Kirika's claws dug into the gravestone nearest Kagome's feeling the need to remember that though they often hadn't acted like it, they really had loved each other. Her fingers traced the script of Inu-Yasha's name. He'd wanted it that way. He'd wanted to be next to her in death as he had been in life. "I understand now," she whispered to the stones. "I understand why it had to be me Aunt Kagome."

Five hundred years had passed since the day she had sealed it. Now all that was left was to unseal it once again. Her white coat swirled around her as she left the stones behind. The only evidence of her being there was a single white lotus and the rending of the earth. Dawn peeked up above the mountains, reminding her that she did not have much time in which to unseal the well.

This story she knew by heart, on her fifteenth birthday Kagome Higurashi was taken five hundred years into the past by a centipede known only as Mukade Jourou. The centipede had been revived, according to Kagome, by the power of the Shikon no Tama. Unbeknownst to Kagome the Shikon no Tama was safely ensconced in her abdomen. Mukade Jourou would bring about the awakening of the hanyou, Inu-Yasha and the return of the Shikon to the Sengoku Jidai.

A part of Kirika wondered if the story would play out exactly as Kagome had said it had. Would the flow of time end up being the same, or would it differ just a little bit. According to the science books at school, if one traveled back in time, anything they did in the past would affect their present.
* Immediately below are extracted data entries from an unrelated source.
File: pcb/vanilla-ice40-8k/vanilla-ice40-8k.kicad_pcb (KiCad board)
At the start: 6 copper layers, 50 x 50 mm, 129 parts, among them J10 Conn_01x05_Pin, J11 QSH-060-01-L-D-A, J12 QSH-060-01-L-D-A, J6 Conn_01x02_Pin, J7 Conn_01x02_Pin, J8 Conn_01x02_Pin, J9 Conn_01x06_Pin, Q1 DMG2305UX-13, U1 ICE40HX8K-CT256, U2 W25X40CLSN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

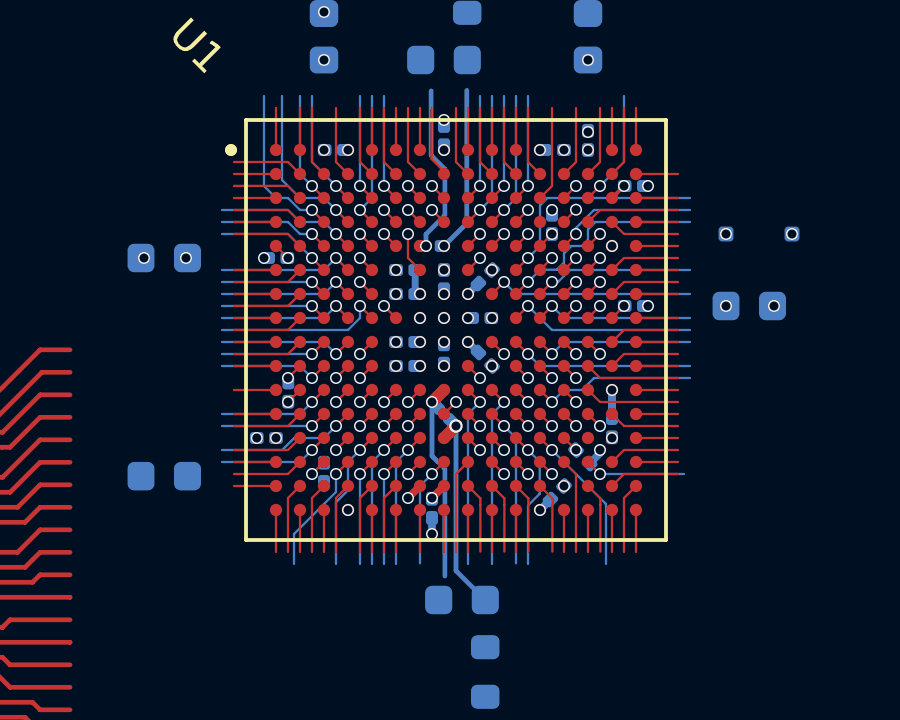
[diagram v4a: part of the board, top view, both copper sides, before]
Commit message: [pcb][hx8k] bga gnd fills
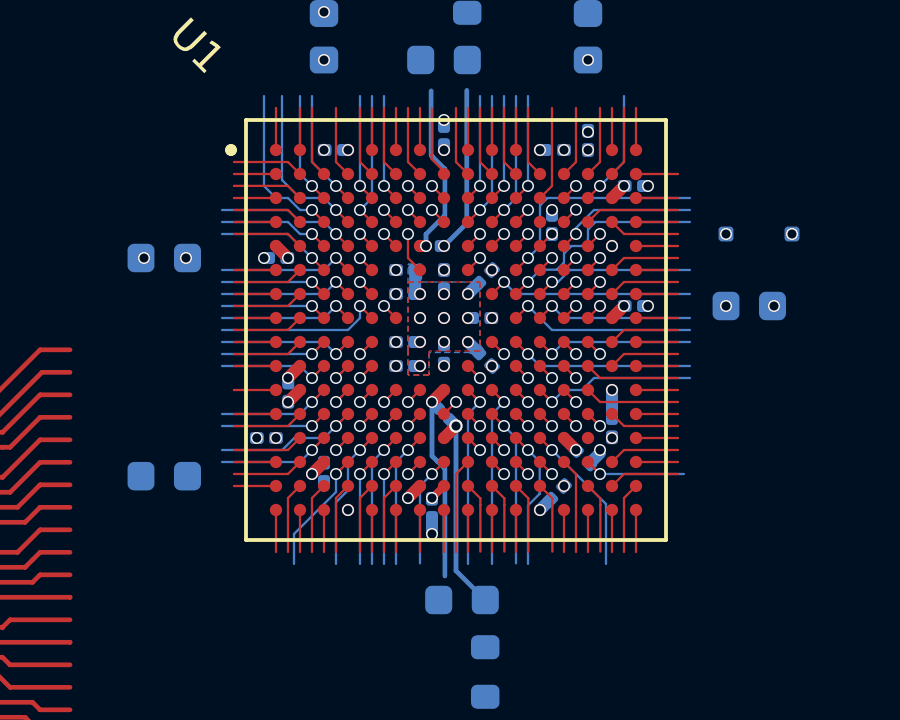
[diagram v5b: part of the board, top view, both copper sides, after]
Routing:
- added copper zone on B.Cu, net GND
- added copper zone on F.Cu, net GND
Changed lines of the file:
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@@
 		(start 112.064554 117.559951)
 		(end 112.464551 117.159951)
-		(width 0.0762)
+		(width 0.4)
 		(layer "F.Cu")
 		(net 1)
@@
 		(start 121.264554 118.759952)
 		(end 121.664554 119.159952)
-		(width 0.0762)
+		(width 0.4)
 		(layer "F.Cu")
 		(net 2)
@@
 		(start 123.264554 110.359952)
 		(end 122.864554 110.759952)
-		(width 0.127)
+		(width 0.4)
 		(layer "F.Cu")
 		(net 2)
@@
 		(start 122.864554 114.759952)
 		(end 123.264554 114.359952)
-		(width 0.0762)
+		(width 0.4)
 		(layer "F.Cu")
 		(net 2)
 	)
 	(segment
-		(start 111.664551 112.359951)
-		(end 112.064552 112.759952)
-		(width 0.0762)
+		(start 112.064552 112.759952)
+		(end 111.664554 112.359952)
+		(width 0.4)
 		(layer "F.Cu")
 		(net 2)
@@
 		(start 113.264554 119.559952)
 		(end 112.864554 119.959952)
-		(width 0.0762)
+		(width 0.4)
 		(layer "F.Cu")
 		(net 2)
@@
 		(start 112.064552 116.759952)
 		(end 112.464553 116.359952)
-		(width 0.0762)
+		(width 0.4)
 		(layer "F.Cu")
 		(net 20)
@@
 		(start 116.464554 120.359952)
 		(end 116.064554 120.759952)
-		(width 0.254)
+		(width 0.4)
 		(layer "F.Cu")
 		(net 20)
@@
 		(start 122.864555 118.094953)
 		(end 122.864554 117.159952)
-		(width 0.254)
+		(width 0.4)
 		(layer "B.Cu")
 		(net 20)
@@
 		(start 118.412003 113.6125)
 		(end 118.064553 113.95995)
-		(width 0.2286)
+		(width 0.4)
 		(layer "B.Cu")
 		(net 20)
@@
 		(start 118.412003 115.907399)
 		(end 118.064555 115.559951)
-		(width 0.2286)
+		(width 0.4)
 		(layer "B.Cu")
 		(net 20)
@@
 		(start 116.304554 113.319952)
 		(end 116.304554 113.799952)
-		(width 0.2286)
+		(width 0.4)
 		(layer "B.Cu")
 		(net 20)
@@
 		(start 120.464554 121.159951)
 		(end 120.812006 120.812499)
-		(width 0.254)
+		(width 0.4)
 		(layer "B.Cu")
 		(net 20)
@@
 		(start 116.864554 121.959952)
 		(end 116.864554 121.424952)
-		(width 0.254)
+		(width 0.4)
 		(layer "B.Cu")
 		(net 20)
@@
 		(start 122.464554 119.265048)
 		(end 122.117102 119.6125)
-		(width 0.254)
+		(width 0.4)
 		(layer "B.Cu")
 		(net 20)
@@
 	)
 	(zone
+		(net 20)
+		(net_name "GND")
+		(layer "F.Cu")
+		(hatch edge 0.5)
+		(priority 6)
+		(connect_pads yes
+			(clearance 0)
+		)
+		(min_thickness 0.25)
+		(filled_areas_thickness no)
+		(fill yes
+			(thermal_gap 1)
+			(thermal_bridge_width 1)
+		)
+		(polygon
+			(pts
+				(xy 116.064554 113.559952) (xy 118.464554 113.559952) (xy 118.464554 115.859952) (xy 116.764554 115.859952)
+				(xy 116.764554 116.659952) (xy 116.064554 116.659952) (xy 116.064554 115.859952)
+			)
+		)
+	)
+	(zone
 		(net 1)
 		(net_name "+1V2")
@@
 		(min_thickness 0.25)
 		(filled_areas_thickness no)
-		(fill
+		(fill yes
 			(thermal_gap 0.5)
 			(thermal_bridge_width 0.5)
@@
 		(min_thickness 0.25)
 		(filled_areas_thickness no)
-		(fill
+		(fill yes
 			(thermal_gap 0.5)
 			(thermal_bridge_width 0.5)
@@
 		(min_thickness 0.0254)
 		(filled_areas_thickness no)
-		(fill
+		(fill yes
 			(thermal_gap 0.5)
 			(thermal_bridge_width 0.5)
@@
 		(min_thickness 0.25)
 		(filled_areas_thickness no)
-		(fill
+		(fill yes
 			(thermal_gap 0.5)
 			(thermal_bridge_width 0.5)
@@
 		(min_thickness 0.25)
 		(filled_areas_thickness no)
-		(fill
+		(fill yes
 			(thermal_gap 0.5)
 			(thermal_bridge_width 0.5)
@@
 		(min_thickness 0.0254)
 		(filled_areas_thickness no)
-		(fill
+		(fill yes
 			(thermal_gap 0.5)
 			(thermal_bridge_width 0.5)
@@
 		(min_thickness 0.0254)
 		(filled_areas_thickness no)
-		(fill
+		(fill yes
 			(thermal_gap 0.5)
 			(thermal_bridge_width 0.5)
@@
 		(net 20)
 		(net_name "GND")
+		(layer "B.Cu")
+		(hatch edge 0.5)
+		(priority 6)
+		(connect_pads yes
+			(clearance 0)
+		)
+		(min_thickness 0.25)
+		(filled_areas_thickness no)
+		(fill yes
+			(thermal_gap 1)
+			(thermal_bridge_width 1)
+		)
+		(polygon
+			(pts
+				(xy 116.064554 112.959952) (xy 116.514554 112.959952) (xy 116.514554 113.559952) (xy 118.464554 113.559952)
+				(xy 118.464554 115.659952) (xy 118.664554 115.909952) (xy 118.414554 116.159952) (xy 118.114554 115.909952)
+				(xy 116.764554 115.909952) (xy 116.764554 116.659952) (xy 116.064554 116.659952) (xy 116.064554 115.859952)
+			)
+		)
+	)
+	(zone
+		(net 20)
+		(net_name "GND")
 		(layer "In1.Cu")
 		(hatch edge 0.5)
@@
 		(min_thickness 0.0254)
 		(filled_areas_thickness no)
-		(fill
+		(fill yes
 			(thermal_gap 0.5)
 			(thermal_bridge_width 0.5)
@@
 		(min_thickness 0.25)
 		(filled_areas_thickness no)
-		(fill
+		(fill yes
 			(thermal_gap 0.5)
 			(thermal_bridge_width 0.5)
@@
 		(min_thickness 0.1)
 		(filled_areas_thickness no)
-		(fill
+		(fill yes
 			(thermal_gap 0.5)
 			(thermal_bridge_width 0.5)

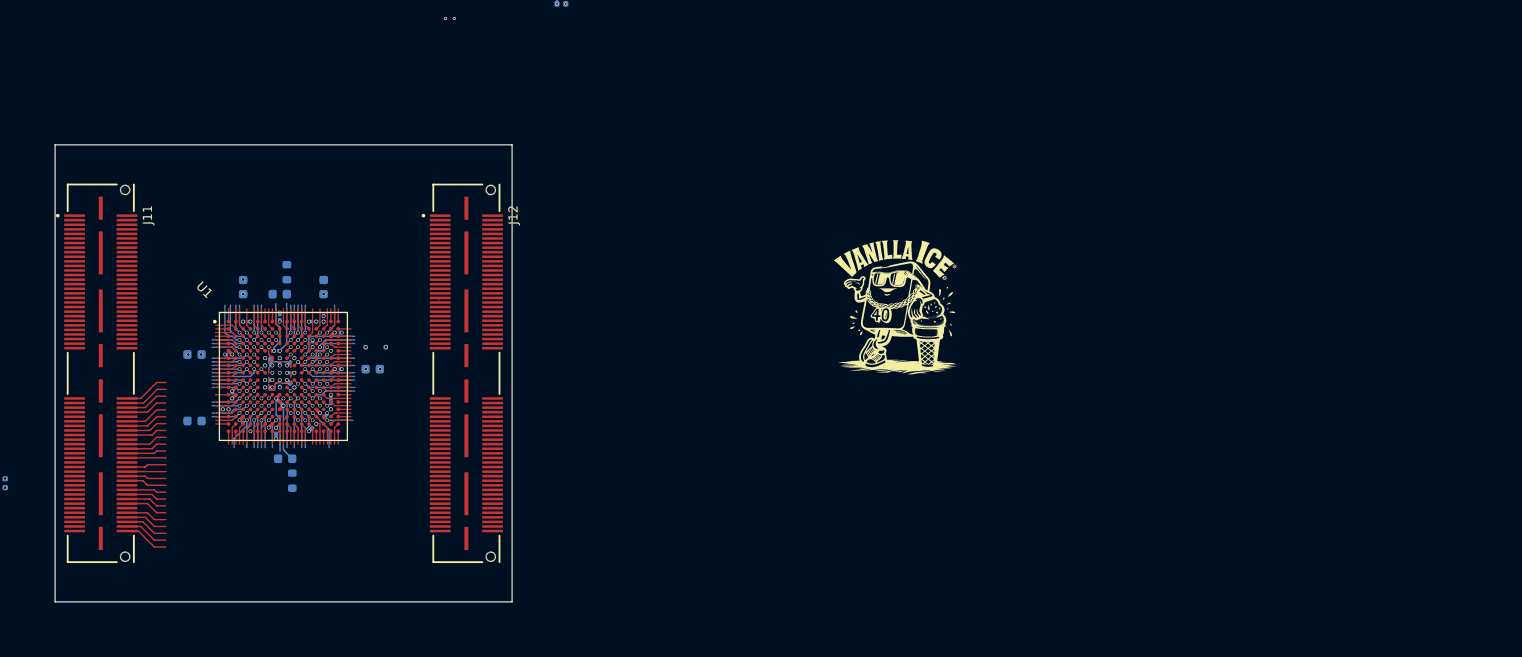
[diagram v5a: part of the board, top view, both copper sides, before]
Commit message: [pcb][hx8k] bga centered
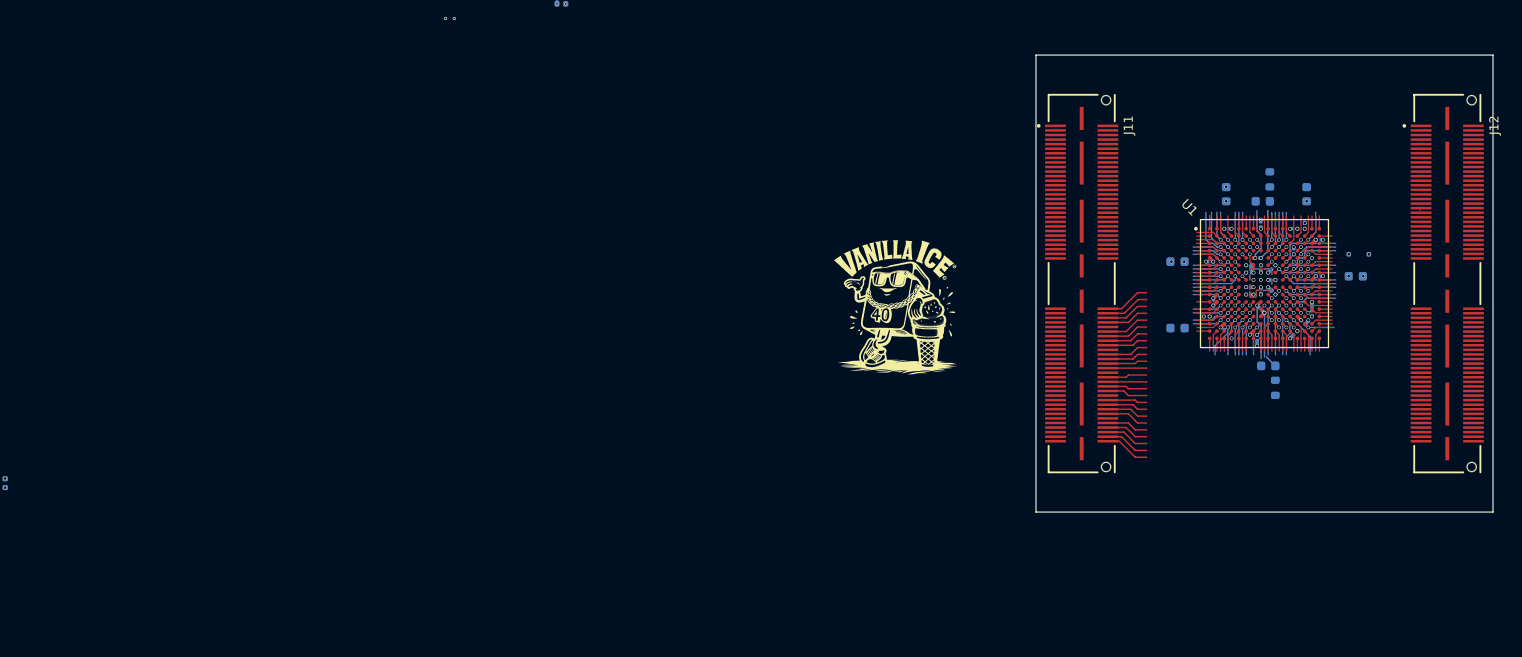
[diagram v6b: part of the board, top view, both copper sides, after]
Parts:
- moved C30 108.0 mm to (235.0, 104.2)
- moved C12 108.0 mm to (224.8, 96.0)
- moved C2 108.0 mm to (229.6, 95.2)
- moved C10 108.0 mm to (225.4, 114.0)
- moved D1 108.0 mm to (235.3, 101.8)
- moved C15 108.0 mm to (215.5, 109.9)
- moved R11 108.0 mm to (225.6, 93.6)
- moved C25 108.0 mm to (215.5, 102.6)
- moved C20 108.0 mm to (220.8, 95.2)
- moved R10 108.0 mm to (226.2, 116.4)
- moved C26 107.8 mm to (219.1, 102.6)
- moved C31 107.8 mm to (230.9, 100.2)
- moved C33 107.8 mm to (230.9, 104.2)
- moved C9 107.8 mm to (224.6, 107.8)
- moved C22 107.8 mm to (228.3, 99.0)
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
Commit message: [pcb][hx8k] moved and rotated
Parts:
- moved G*** 276.8 mm to (-86.2, 51.1)
- moved BUT1 232.9 mm to (-87.3, 142.5)
- moved C1 232.9 mm to (-145.2, 111.6)
- moved C47 232.9 mm to (-112.9, 137.6)
- moved J10 232.9 mm to (-107.3, 145.2)
- moved R12 232.9 mm to (-131.0, 139.6)
- moved R14 232.9 mm to (-133.5, 139.6)
- moved R16 232.9 mm to (-102.3, 139.6)
- moved R18 232.9 mm to (-121.0, 138.8)
- moved R21 232.9 mm to (-121.0, 141.4)
- moved R22 232.9 mm to (-110.0, 140.9)
- moved R25 232.9 mm to (-107.3, 139.5)
- moved R8 232.9 mm to (-84.4, 143.6)
- moved C46 232.9 mm to (-112.6, 138.8)
- moved J9 232.9 mm to (-136.0, 145.2)
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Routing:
- net +5V: track 59.1 -> 24.1 mm
- net +1V2: track 23.6 -> 11.9 mm
- net Net-(U6-PG): track 19.1 -> 17.2 mm
- removed copper zone on In4.Cu, net +3V3
- removed copper zone on In4.Cu, net /sram programmer/FT_VCORE
- removed copper zone on In1.Cu, net GND

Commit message: [pcb][hx8k] initial IOL header assignment
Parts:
- moved BUT1 349.3 mm to (261.5, 124.5)
- moved C47 349.3 mm to (235.9, 119.6)
- moved G*** 349.3 mm to (262.6, 33.1)
- moved J10 349.3 mm to (241.5, 127.2)
- moved R12 349.3 mm to (217.8, 121.6)
- moved R14 349.3 mm to (215.3, 121.6)
- moved R16 349.3 mm to (246.5, 121.6)
- moved R17 349.3 mm to (249.1, 121.6)
- moved R18 349.3 mm to (227.8, 120.8)
- moved R21 349.3 mm to (227.8, 123.4)
- moved R22 349.3 mm to (238.8, 122.9)
- moved R24 349.3 mm to (244.0, 121.5)
- moved R25 349.3 mm to (241.5, 121.5)
- moved R8 349.3 mm to (264.4, 125.6)
- moved C46 349.3 mm to (236.2, 120.8)
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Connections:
- J11 pad 100: /IOL_12B -> unconnected-(J11-Pad100)
- J11 pad 101: unconnected-(J11-Pad101) -> /IOL_18A
- J11 pad 102: /IOL_15B -> /IOL_17B
- J11 pad 103: unconnected-(J11-Pad103) -> /IOL_16B
- J11 pad 104: /IOL_15A -> /IOL_18B
- J11 pad 105: unconnected-(J11-Pad105) -> /IOL_19B
- J11 pad 106: /IOL_16A -> /IOL_20B
- J11 pad 107: unconnected-(J11-Pad107) -> /IOL_17A
- J11 pad 108: /IOL_17B -> /IOL_21B
- J11 pad 110: /IOL_18B -> unconnected-(J11-Pad110)
- J11 pad 111: unconnected-(J11-Pad111) -> /IOL_22B
- J11 pad 112: /IOL_20B -> /IOL_24A
- J11 pad 113: unconnected-(J11-Pad113) -> /IOL_21A
- J11 pad 114: /IOL_21B -> /IOL_25A
- J11 pad 115: unconnected-(J11-Pad115) -> /IOL_24B
- J11 pad 116: /IOL_24A -> /IOL_26A
- J11 pad 117: unconnected-(J11-Pad117) -> /IOL_26B
- J11 pad 118: /IOL_25A -> /IOL_25B
- J11 pad 119: unconnected-(J11-Pad119) -> /IOL_23B
- J11 pad 120: /IOL_26A -> /IOL_22A
- J11 pad 61: unconnected-(J11-Pad61) -> /IOL_1A
- J11 pad 62: unconnected-(J11-Pad62) -> /IOL_1B
- J11 pad 63: unconnected-(J11-Pad63) -> /IOL_6B
- J11 pad 64: unconnected-(J11-Pad64) -> /IOL_2B
- J11 pad 65: unconnected-(J11-Pad65) -> /IOL_8B
- J11 pad 66: unconnected-(J11-Pad66) -> /IOL_3B
- J11 pad 67: unconnected-(J11-Pad67) -> /IOL_2A
- J11 pad 68: unconnected-(J11-Pad68) -> /IOL_3A
- J11 pad 71: unconnected-(J11-Pad71) -> /IOL_4A
- J11 pad 72: unconnected-(J11-Pad72) -> /IOL_4B
- J11 pad 73: unconnected-(J11-Pad73) -> /IOL_5A
- J11 pad 74: unconnected-(J11-Pad74) -> /IOL_5B
- J11 pad 75: unconnected-(J11-Pad75) -> /IOL_8A
- J11 pad 76: /IOT_215 -> /IOL_7B
- J11 pad 77: unconnected-(J11-Pad77) -> /IOL_6A
- J11 pad 78: /IOL_2B -> /IOL_10B
- J11 pad 80: /IOL_3B -> unconnected-(J11-Pad80)
- J11 pad 81: unconnected-(J11-Pad81) -> /IOL_10A
- J11 pad 82: /IOL_3A -> /IOL_9B
- J11 pad 83: unconnected-(J11-Pad83) -> /IOL_9A
- J11 pad 84: /IOL_4B -> /IOL_13B
- J11 pad 85: unconnected-(J11-Pad85) -> /IOL_19A
- J11 pad 86: /IOL_5B -> /IOL_11B
- J11 pad 87: unconnected-(J11-Pad87) -> /IOL_11A
- J11 pad 88: /IOL_7B -> /IOL_14B
- J11 pad 90: /IOL_9B -> unconnected-(J11-Pad90)
- J11 pad 91: unconnected-(J11-Pad91) -> /IOL_13A
- J11 pad 92: /IOL_10B -> /IOL_12B
- J11 pad 93: unconnected-(J11-Pad93) -> /IOL_7A
- J11 pad 94: /IOL_13B -> /IOL_15B
- J11 pad 95: unconnected-(J11-Pad95) -> /IOL_20A
- J11 pad 96: /IOL_11B -> /IOL_15A
- J11 pad 97: unconnected-(J11-Pad97) -> /IOL_12A
- J11 pad 98: /IOL_14B -> /IOL_16A
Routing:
- net /IOL_3B: track 2.37 -> 11.7 mm
- net /IOL_1B: track 2.37 -> 11.1 mm
- net /IOL_5B: track 5.75 -> 12.3 mm
- net /IOL_3A: track 5.96 -> 11.1 mm
- net /IOL_22A: track 7.34 -> 12.3 mm
- net unconnected-(J11-Pad62): track 4.97 -> 0.00 mm
- net /IOL_25B: track 6.30 -> 11.2 mm
- net unconnected-(J11-Pad64): track 4.87 -> 0.00 mm
- net unconnected-(J11-Pad72): track 4.77 -> 0.00 mm
- net unconnected-(J11-Pad66): track 4.77 -> 0.00 mm
- net unconnected-(J11-Pad74): track 4.66 -> 0.00 mm
- net unconnected-(J11-Pad68): track 4.66 -> 0.00 mm
- net /IOL_4B: track 7.98 -> 12.6 mm
- net /IOL_9B: track 2.37 -> 6.93 mm
- net /IOT_215: track 10.4 -> 5.80 mm

It was a little strange that in her world everything that Kagome had done in the past had already affected Kagome's present. Kirika wondered what Einstein would think of the well's power. A well that transcended time would be a hard pill to swallow for such a brilliant scientist, almost as much as creatures that could appear as both animal and man. Her hands pried apart the boards. Boards that were in a sense useless, considering that the well was sleeping. Kirika considered it curious that an old empty well would be boarded over in such a manner. It wasn't like anything was going to come popping out of it.

"You're really going to go through with this."

She smiled at the sound of Shippou's voice. "Time flows circularly for Aunt Kagome. What happens in the past affects her present, Shippou-kun." Kirika turned away from the well towards where the kitsune sat, perched on the railing. He wasn't all that different from the little boy Kagome met in the past, save that he was older. His form had filled out to be taller and broader than Inu-Yasha's, though he hadn't lost the paws for feet. In reality, his appearance was according to his wishes, where as when he was younger it was the only form he knew. "Must we have this conversation, again?"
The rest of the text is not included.